This study investigates the underexplored phenomenon of asymmetric transfer effects across tasks and languages in multilingual large language models (LLMs). We conduct single-source task-language fine-tuning via PEFT/LoRA on diverse open-source LLMs—spanning varying scales and architectures—and systematically evaluate zero-shot transfer performance across all target task-language combinations. Our findings reveal: (1) robust positive cross-lingual transfer within the same task, but frequent and substantial performance degradation in cross-task transfer; (2) a stable donor–recipient hierarchy among language-task pairs; and (3) based on these insights, we propose a risk-aware fine-tuning strategy and a model specialization pathway. Quantitative analysis disentangles three distinct transfer mechanisms—task-driven, language-driven, and joint task-language transfer—providing both theoretical grounding and practical methodology for joint multilingual and multitask optimization.

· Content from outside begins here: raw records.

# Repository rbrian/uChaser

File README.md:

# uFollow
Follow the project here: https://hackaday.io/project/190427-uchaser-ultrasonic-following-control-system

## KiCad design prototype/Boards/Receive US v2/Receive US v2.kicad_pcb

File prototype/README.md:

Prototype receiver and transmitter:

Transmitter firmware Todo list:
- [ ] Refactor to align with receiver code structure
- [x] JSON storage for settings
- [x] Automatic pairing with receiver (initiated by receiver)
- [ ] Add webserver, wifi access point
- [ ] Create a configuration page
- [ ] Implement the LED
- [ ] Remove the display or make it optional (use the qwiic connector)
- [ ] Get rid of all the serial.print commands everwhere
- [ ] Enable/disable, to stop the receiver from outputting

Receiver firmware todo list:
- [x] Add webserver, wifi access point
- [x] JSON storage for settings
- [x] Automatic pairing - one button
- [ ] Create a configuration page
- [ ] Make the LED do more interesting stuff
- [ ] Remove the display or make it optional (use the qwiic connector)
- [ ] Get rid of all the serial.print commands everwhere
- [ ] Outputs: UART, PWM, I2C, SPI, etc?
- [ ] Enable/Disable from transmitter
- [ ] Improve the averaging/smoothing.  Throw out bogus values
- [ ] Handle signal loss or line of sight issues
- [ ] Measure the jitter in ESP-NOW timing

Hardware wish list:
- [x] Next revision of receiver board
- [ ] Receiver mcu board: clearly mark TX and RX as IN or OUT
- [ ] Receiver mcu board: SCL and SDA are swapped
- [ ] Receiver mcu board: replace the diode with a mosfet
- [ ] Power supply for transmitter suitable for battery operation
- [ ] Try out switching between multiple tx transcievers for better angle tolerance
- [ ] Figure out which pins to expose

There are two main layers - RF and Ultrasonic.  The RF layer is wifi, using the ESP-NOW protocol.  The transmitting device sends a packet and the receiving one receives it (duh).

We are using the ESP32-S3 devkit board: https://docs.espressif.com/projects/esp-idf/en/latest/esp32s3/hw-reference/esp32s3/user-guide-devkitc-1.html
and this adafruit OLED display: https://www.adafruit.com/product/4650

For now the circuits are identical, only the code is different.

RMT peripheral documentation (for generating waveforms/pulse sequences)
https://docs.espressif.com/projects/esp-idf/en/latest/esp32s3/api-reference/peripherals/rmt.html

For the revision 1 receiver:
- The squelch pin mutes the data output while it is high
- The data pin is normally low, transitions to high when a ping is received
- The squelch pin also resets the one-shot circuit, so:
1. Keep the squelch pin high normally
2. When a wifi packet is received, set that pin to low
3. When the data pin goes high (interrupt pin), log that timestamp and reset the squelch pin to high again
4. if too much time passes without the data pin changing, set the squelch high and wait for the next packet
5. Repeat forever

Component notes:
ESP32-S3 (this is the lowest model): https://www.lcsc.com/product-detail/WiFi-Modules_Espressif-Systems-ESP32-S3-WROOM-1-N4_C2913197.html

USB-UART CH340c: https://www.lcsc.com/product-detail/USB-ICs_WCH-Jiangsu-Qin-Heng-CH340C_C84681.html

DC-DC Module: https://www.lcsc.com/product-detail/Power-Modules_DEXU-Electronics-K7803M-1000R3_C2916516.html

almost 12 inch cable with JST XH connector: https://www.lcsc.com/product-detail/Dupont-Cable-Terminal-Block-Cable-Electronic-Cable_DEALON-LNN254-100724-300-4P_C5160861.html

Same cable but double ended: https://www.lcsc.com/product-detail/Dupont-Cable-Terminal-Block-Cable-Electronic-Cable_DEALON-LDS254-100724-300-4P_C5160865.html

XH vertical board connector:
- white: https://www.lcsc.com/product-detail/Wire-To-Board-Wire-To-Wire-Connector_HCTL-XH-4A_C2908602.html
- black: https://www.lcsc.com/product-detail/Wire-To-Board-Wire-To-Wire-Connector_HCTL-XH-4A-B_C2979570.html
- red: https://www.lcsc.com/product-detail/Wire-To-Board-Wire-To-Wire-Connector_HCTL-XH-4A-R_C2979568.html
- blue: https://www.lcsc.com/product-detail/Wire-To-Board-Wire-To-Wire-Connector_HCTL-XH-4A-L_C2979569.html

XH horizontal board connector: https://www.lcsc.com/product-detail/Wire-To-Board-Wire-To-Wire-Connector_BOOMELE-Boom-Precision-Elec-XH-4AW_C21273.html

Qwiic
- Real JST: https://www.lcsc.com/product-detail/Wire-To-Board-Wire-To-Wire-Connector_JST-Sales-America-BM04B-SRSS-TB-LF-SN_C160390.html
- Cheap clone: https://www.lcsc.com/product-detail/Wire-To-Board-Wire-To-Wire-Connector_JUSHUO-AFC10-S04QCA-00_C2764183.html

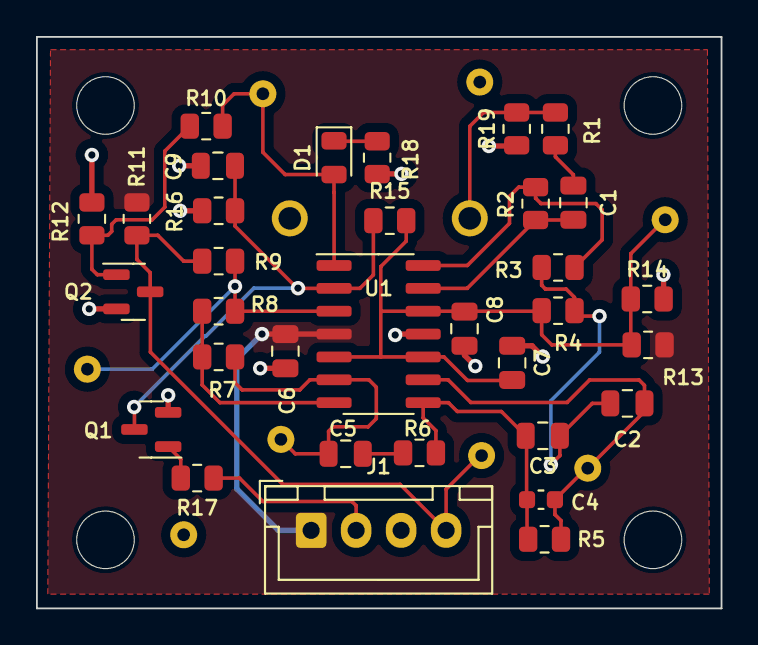
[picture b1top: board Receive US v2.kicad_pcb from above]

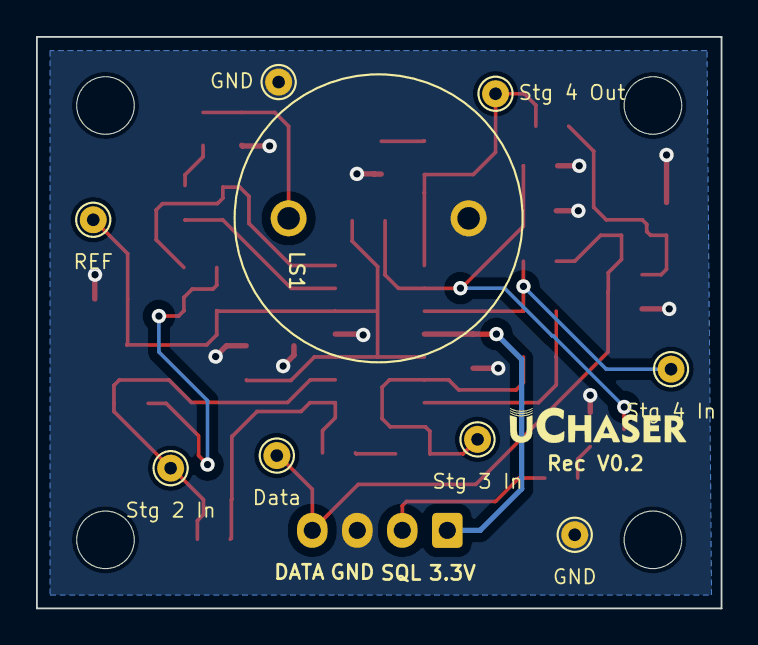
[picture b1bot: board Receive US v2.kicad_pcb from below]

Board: 2 copper layers, 38.0 x 31.7 mm, 47 parts (10 on the bottom side), 21 nets.

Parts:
C1, C5: 10nF; C_0805_2012Metric
C2, C3, C7, C9: 1nF; C_0805_2012Metric
C4: 68pF; C_0603_1608Metric
C6, C8: 1uF; C_0805_2012Metric
D1: LED; LED_0805_2012Metric
H1, H2, H3, H4: MountingHole; MountingHole_3.2mm_M3
J1: Conn_01x04_Socket; JST_XH_B4B-XH-A_1x04_P2.50mm_Vertical
LS1: Speaker_Ultrasound; ULTRASONIC_16MM
Logo1: logo
Q1, Q2: MMBT3904; SOT-23
R1, R6, R10, R13, R14, R17: 10K; R_0805_2012Metric
R2, R5, R7: 75K; R_0805_2012Metric
R3: 6.8K; R_0805_2012Metric
R4: 220; R_0805_2012Metric
R8: 4.3K; R_0805_2012Metric
R9, R15: 120K; R_0805_2012Metric
R11: 1K; R_0805_2012Metric
R12: 3.9K; R_0805_2012Metric
R16: 2M; R_0805_2012Metric
R18: 100; R_0805_2012Metric
R19: DO NOT POPULATE; R_0805_2012Metric
TP1, TP2, TP3, TP4, TP5, TP6, TP7, TP8: TestPoint; TestPoint_THTPad_D1.5mm_Drill0.7mm
U1: LM324; SOIC-14_3.9x8.7mm_P1.27mm

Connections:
+3.3V: C6.2, J1.1, R11.2, R13.2, U1.4 (V+)
/DATA: J1.4, Q2.3 (C), R9.2, R11.1, TP8.1
/SQUELCH: J1.2, R17.1
GND: C6.1, C7.1, C8.1, C9.1, J1.3, LS1.2, Q1.2 (E), Q2.2 (E), R12.1, R14.2, R16.2, R18.1, R19.1, TP1.1, TP2.1, U1.11 (V-)
unnamed: C1.1, R1.2
unnamed: C2.1, C3.1, R3.2, R4.2
unnamed: C3.2, C4.2, R5.2, R6.1, U1.8
unnamed: C5.1, R6.2
unnamed: D1.2 (A), R10.1, TP7.1, U1.1
unnamed: D1.1 (K), R18.2
unnamed: LS1.1, R1.1, R19.2
unnamed: Q1.1 (B), R17.2
unnamed: C9.2, Q1.3 (C), R15.1, R16.1, U1.2 (-)
unnamed: Q2.1 (B), R10.2, R12.2
unnamed: R2.2, R3.1, U1.14
unnamed: R7.2, R8.1, U1.7
unnamed: R8.2, R9.1, TP6.1, U1.3 (+)
unnamed: C7.2, C8.2, R4.1, R13.1, R14.1, R15.2, TP4.1, U1.5 (+), U1.10 (+), U1.12 (+)
unnamed: C5.2, R7.1, TP5.1, U1.6 (-)
unnamed: C2.2, C4.1, R5.1, TP3.1, U1.9 (-)
unnamed: C1.2, R2.1, U1.13 (-)

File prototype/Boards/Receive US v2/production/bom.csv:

Designator,Footprint,Quantity,Value,LCSC Part #
"C1, C5",0805,2,10nF,C1710
"C2, C3, C7, C9",0805,4,1nF,C46653
C4,0603,1,68pF,C28262
"C6, C8",0805,2,1uF,C28323
D1,0805,1,LED,C84256
"H1, H2, H3, H4",MountingHole_3.2mm_M3,4,MountingHole,
J1,JST_XH_B4B-XH-A_1x04_P2.50mm_Vertical,1,Conn_01x04_Socket,
LS1,ULTRASONIC_16MM,1,Speaker_Ultrasound,
"Q1, Q2",SOT-23,2,MMBT3904,C20526
"R1, R10, R13, R14, R17, R6",0805,6,10K,C17414
R11,0805,1,1K,C17513
R12,0805,1,3.9K,C17614
"R15, R9",0805,2,120K,C17436
R16,0805,1,2M,C26112
R18,0805,1,100,C17408
R19,0805,1,DO NOT POPULATE,
"R2, R5, R7",0805,3,75K,C17819
R3,0805,1,6.8K,C17772
R4,0805,1,220,C17557
R8,0805,1,4.3K,C17667
"TP1, TP2, TP3, TP4, TP5, TP6, TP7, TP8",TestPoint_THTPad_D1.5mm_Drill0.7mm,8,TestPoint,
U1,SOIC-14_3.9x8.7mm_P1.27mm,1,LM324,C71035

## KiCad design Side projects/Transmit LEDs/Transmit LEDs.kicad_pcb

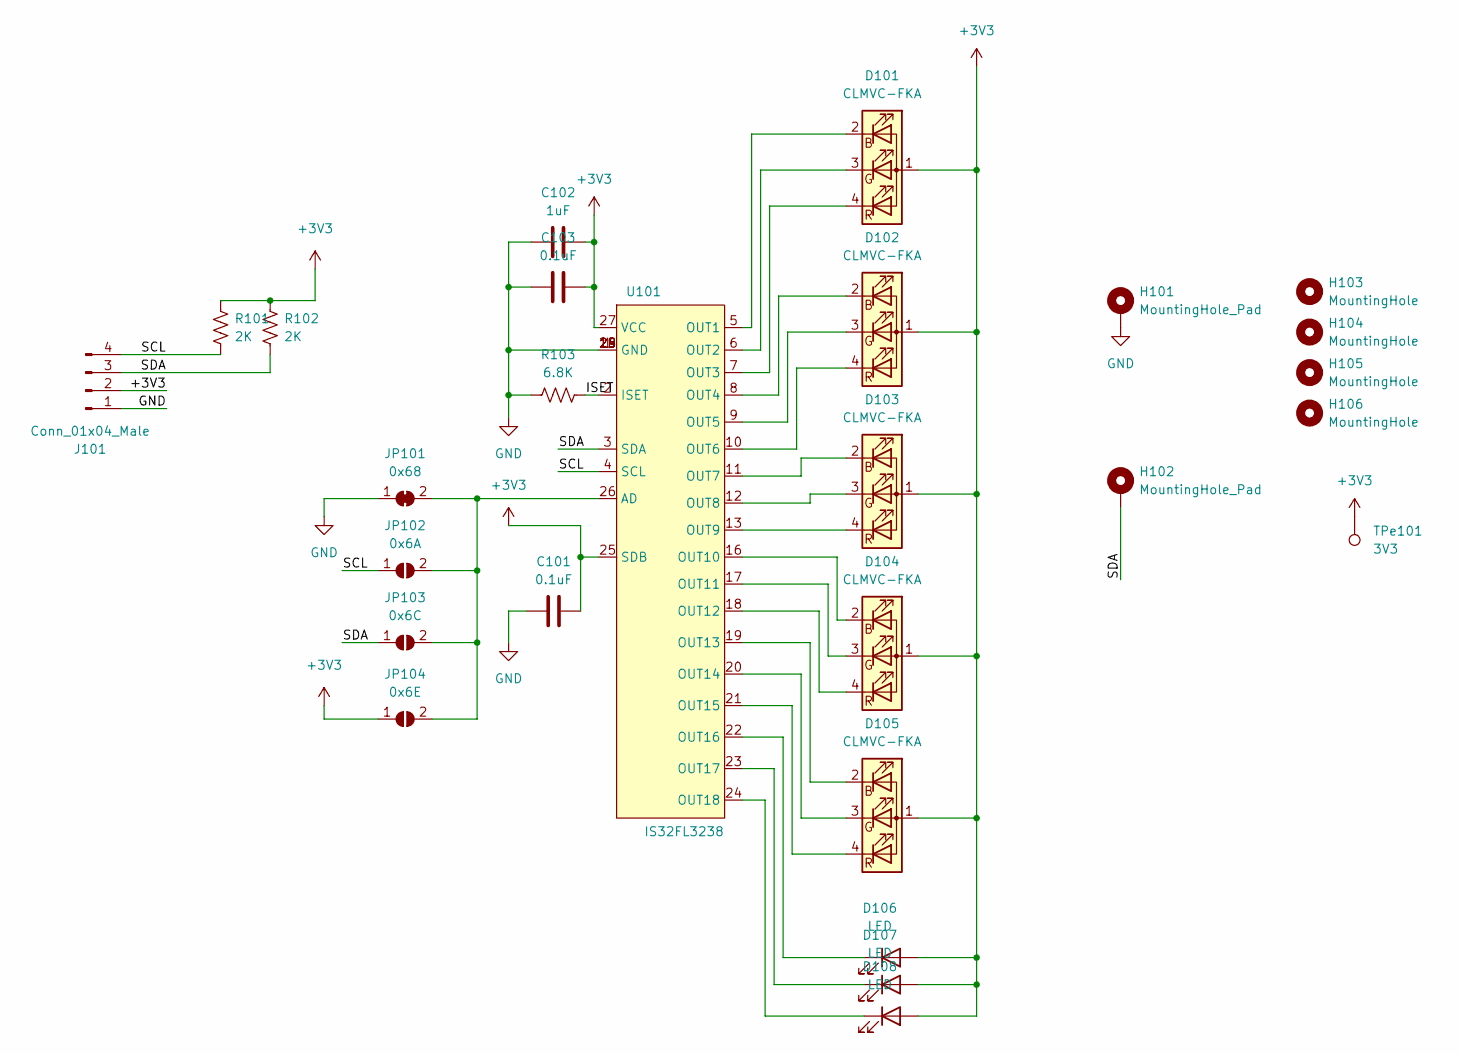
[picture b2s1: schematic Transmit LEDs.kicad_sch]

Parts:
C101, C103: 0.1uF; C_0805_2012Metric_Pad1.18x1.45mm_HandSolder
C102: 1uF; C_0805_2012Metric_Pad1.18x1.45mm_HandSolder
D101, D102, D103, D104, D105: CLMVC-FKA; LED_Cree-PLCC4_2x2mm_CW
D106, D107, D108: LED; LED_0805_2012Metric_Pad1.15x1.40mm_HandSolder
H101, H102: MountingHole_Pad; MountingHole_2.2mm_M2_DIN965_Pad_TopBottom
H103, H104, H105, H106: MountingHole; MountingHole_2.2mm_M2
J101: Conn_01x04_Male; JST_SH_SM04B-SRSS-TB_1x04-1MP_P1.00mm_Horizontal
JP101: 0x68; SolderJumper-2_P1.3mm_Bridged_RoundedPad1.0x1.5mm
JP102: 0x6A; SolderJumper-2_P1.3mm_Open_RoundedPad1.0x1.5mm
JP103: 0x6C; SolderJumper-2_P1.3mm_Open_RoundedPad1.0x1.5mm
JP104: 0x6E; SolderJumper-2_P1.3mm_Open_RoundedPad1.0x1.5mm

Large language models (LLMs) perform strongly across tasks and languages, yet how improvements in one task or language affect other tasks and languages and their combinations remains poorly understood. We conduct a controlled PEFT/LoRA study across multiple open-weight LLM families and sizes, treating task and language as transfer axes while conditioning on model family and size; we fine-tune each model on a single task-language source and measure transfer as the percentage-point change versus its baseline score when evaluated on all other task-language target pairs. We decompose transfer into (i) Matched-Task (Cross-Language), (ii) Matched-Language (Cross-Task), and (iii) Cross-Task (Cross-Language) regimes. We uncover two consistent general patterns. First, a pronounced on-task vs. off-task asymmetry: Matched-Task (Cross-Language) transfer is reliably positive, whereas off-task transfer often incurs collateral degradation. Second, a stable donor-recipient structure across languages and tasks (hub donors vs. brittle recipients). We outline implications for risk-aware fine-tuning and model specialisation.